# October Michigan Pike/musky HELP!!!



## lakegambler (Sep 25, 2008)

Me and my freinds go to Alpena, Michigan every year the first week in October to Grouse hunt and Pike/Musky fish. What technics and what baits can we use to catch these guys?


----------



## pikeman1 (May 6, 2008)

Depends on what type of lake you are fishing.
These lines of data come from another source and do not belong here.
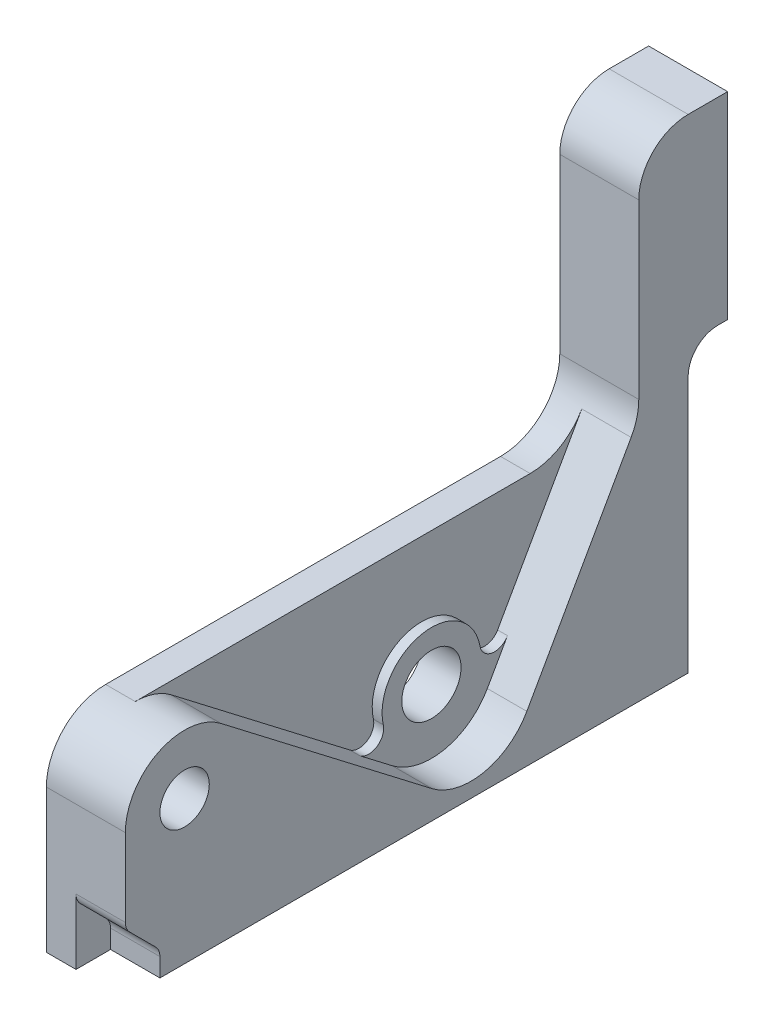
SolidWorks part; units mm, degrees
material "POM Acetal Copolymer"
ref_plane "Front Plane" through (0, 0, 0) normal (0, 0, 1) x (1, 0, 0)
ref_plane "Top Plane" through (0, 0, 0) normal (0, 1, 0) x (1, 0, 0)
ref_plane "Right Plane" through (0, 0, 0) normal (1, 0, 0) x (0, 0, -1)
sketch "Sketch1" plane through (0, 0, 0) normal (1, 0, 0) x (0, 0, -1)
  line L1 (0, 0) -> (61, 0)
  line L2 (0, 0) -> (0, 49)
  line L3 (0, 49) -> (61, 49)
  line L4 (61, 0) -> (61, 49)
  circle A0 centre (6, 14.5) radius 2.5
  circle A1 centre (35, 8) radius 3
  dimension "D1" = 6
  dimension "D2" = 5
  dimension "D3" = 14.5
  dimension "D4" = 6
  dimension "D5" = 8
  dimension "D6" = 35
  dimension "D7" = 61
  dimension "D8" = 49
extrude "Boss-Extrude1" add sketch "Sketch1" along normal blind 8
sketch "Sketch3" plane through (8, 0, 0) normal (1, 0, 0) x (0, 0, -1)
  line L57 (61, 0) -> (57, 0)
  line L58 (61, 0) -> (61, 29)
  line L59 (61, 29) -> (57, 29)
  line L60 (57, 0) -> (57, 29)
  dimension "D1" = 29
  dimension "D2" = 4
extrude "Cut-Extrude2" cut sketch "Sketch3" against normal up to next
fillet "Fillet2" radius 3 1 edges at (4, 29, -57)
hole_wizard "Tap Drill for M3 Tap1" positions "Sketch5" profile "Sketch4" hole size "M3" standard "ISO"
sketch "Sketch5" plane through (0, 0, 0) normal (0, -1, 0) x (-1, 0, 0)
  line L0 (0, 0) -> (0, 57) construction
  line L1 (-8, 0) -> (0, 0) construction
  point P0 (-4, 48)
  point P2 (-4, 12)
  dimension "D1" = 4
  dimension "D2" = 12
  dimension "D3" = 36
sketch "Sketch4" plane through (4, 0, -48) normal (1, 0, 0) x (0, 0, -1)
  line L0 (0, 0) -> (0, 10.7511)
  line L1 (0, 10.7511) -> (1.25, 10)
  line L2 (1.25, 10) -> (1.25, 0)
  line L5 (1.25, 0) -> (0, 0)
  line L10 (0, 10.7511) -> (-1.25, 10) construction
  line L11 (0, -6.35) -> (0, 107.95) construction
  dimension "Hole Dia." = 2.5
  dimension "Hole Depth" = 10
  dimension "Drill Angle" = 118
hole_wizard "Tap Drill for M3 Tap2" positions "Sketch8" profile "Sketch7" hole size "M3" standard "ISO"
sketch "Sketch8" plane through (0, 0, -61) normal (0, 0, -1) x (-1, 0, 0)
  line L0 (0, 29) -> (0, 49) construction
  line L2 (-8, 29) -> (0, 29) construction
  point P0 (-4, 44)
  point P2 (-4, 34)
  dimension "D1" = 4
  dimension "D2" = 10
  dimension "D3" = 5
sketch "Sketch7" plane through (4, 44, -61) normal (1, 0, 0) x (0, 1, 0)
  line L0 (0, 0) -> (0, 8.7511)
  line L1 (0, 8.7511) -> (1.25, 8)
  line L2 (1.25, 8) -> (1.25, 0)
  line L5 (1.25, 0) -> (0, 0)
  line L10 (0, 8.7511) -> (-1.25, 8) construction
  line L11 (0, -6.35) -> (0, 107.95) construction
  dimension "Hole Dia." = 2.5
  dimension "Hole Depth" = 8
  dimension "Drill Angle" = 118
sketch "Sketch9" plane through (8, 0, 0) normal (1, 0, 0) x (0, 0, -1)
  line L0 (6, 20.5) -> (46, 20.5)
  line L19 (52, 49) -> (52, 26.5)
  line L21 (0, 49) -> (0, 0) construction
  line L22 (52, 49) -> (0, 49)
  line L23 (0, 49) -> (0, 14.5)
  line L24 (0, 49) -> (0, 0) construction
  line L25 (61, 49) -> (0, 49) construction
  arc A0 (52, 26.5) -> (46, 20.5) centre (46, 26.5) cw
  arc A12 (0, 14.5) -> (6, 20.5) centre (6, 14.5) cw
  circle A16 centre (6, 14.5) radius 2.5 construction
  dimension "D1" = 52
extrude "Cut-Extrude3" cut sketch "Sketch9" against normal blind 8
sketch "Sketch13" plane through (8, 0, 0) normal (1, 0, 0) x (0, 0, -1)
  line L0 (52, 26.5) -> (52, 49) construction
  line L1 (9.653, 19.2598) -> (31.0425, 2.8436)
  line L2 (0, 14.5) -> (0, 26.5)
  line L3 (0, 26.5) -> (52, 26.5)
  line L4 (40.6626, 4.8087) -> (51.2271, 23.5542)
  line L5 (0, 14.5) -> (0, 0) construction
  line L6 (0, 6) -> (3.5, 2.5)
  line L7 (3.5, 2.5) -> (3.5, 0)
  line L8 (0, 0) -> (0, 6)
  line L9 (1.0251, 4.9749) -> (12.8536, 16.8034) construction
  line L10 (3.1464, 2.8536) -> (15.254, 14.9611) construction
  line L13 (0, 0) -> (57, 0) construction
  line L14 (3.5, 0) -> (0, 0)
  arc A0 (0, 14.5) -> (9.653, 19.2598) centre (6, 14.5) cw
  arc A1 (6, 20.5) -> (0, 14.5) centre (6, 14.5) ccw construction
  arc A2 (46, 20.5) -> (52, 26.5) centre (46, 26.5) ccw construction
  arc A3 (31.0425, 2.8436) -> (40.6626, 4.8087) centre (35, 8) ccw
  circle A5 centre (35, 8) radius 3 construction
  arc A6 (51.2271, 23.5542) -> (52, 26.5) centre (46, 26.5) ccw
  arc A7 (6, 20.5) -> (0, 14.5) centre (6, 14.5) ccw construction
  dimension "D1" = 6.5
  dimension "D4" = 3
  dimension "D6" = 3.5
  dimension "D8" = 6
  dimension "D9" = 0.5
  dimension "D10" = 45
extrude "Cut-Extrude4" cut sketch "Sketch13" against normal blind 5
sketch "Sketch14" plane through (3, 0, 0) normal (1, 0, 0) x (0, 0, -1)
  line L0 (9.653, 19.2598) -> (31.0425, 2.8436) construction
  line L1 (40.6626, 4.8087) -> (51.2271, 23.5542) construction
  line L2 (27.7477, 5.3723) -> (31.0425, 2.8436)
  line L3 (40.6626, 4.8087) -> (42.7018, 8.427)
  arc A0 (30.1238, 6.894) -> (39.9193, 8.8949) centre (35, 8) cw
  circle A1 centre (35, 8) radius 3
  circle A2 centre (35, 8) radius 3 construction
  arc A3 (30.1238, 6.894) -> (27.7477, 5.3723) centre (28.661, 6.5622) cw
  arc A4 (39.9193, 8.8949) -> (42.7018, 8.427) centre (41.395, 9.1634) ccw
  arc A5 (31.0425, 2.8436) -> (40.6626, 4.8087) centre (35, 8) ccw
  dimension "D1" = 1.5
  dimension "D2" = 5
extrude "Boss-Extrude2" add sketch "Sketch14" along normal blind 1
fillet "Fillet3" radius 5 1 edges at (4, 49, -52)
fillet "Fillet4" radius 1.5 2 edges at (5.5, 2.5, -3.5) (5.5, 6, 0)

In the fall you can toss spinnerbaits into the shallows for pike, works great for me.


----------



## maanjus11 (Nov 17, 2006)

red eye wiggler, I've had success with them.


----------



## wyominghuntfish (Mar 13, 2008)

i love either the size 5 mepps or a big panthermartin.


----------



## kdog70 (Sep 1, 2008)

what waters are you planning on fishing in alpena i know that area really well.


----------



## drjongy (Oct 13, 2003)

Fall time is the right time for a Double Cowgirl


----------



## birchies (Sep 9, 2008)

you may want to check out the forums on muskie first. I love using big bulldogs such as mag dogs and pounders this time of year. Being that it is fall it is normally a good idea to go big as the fish are putting on pounds for the winter. another option is trolling off of the first break with things like believers and jakes. good luck


----------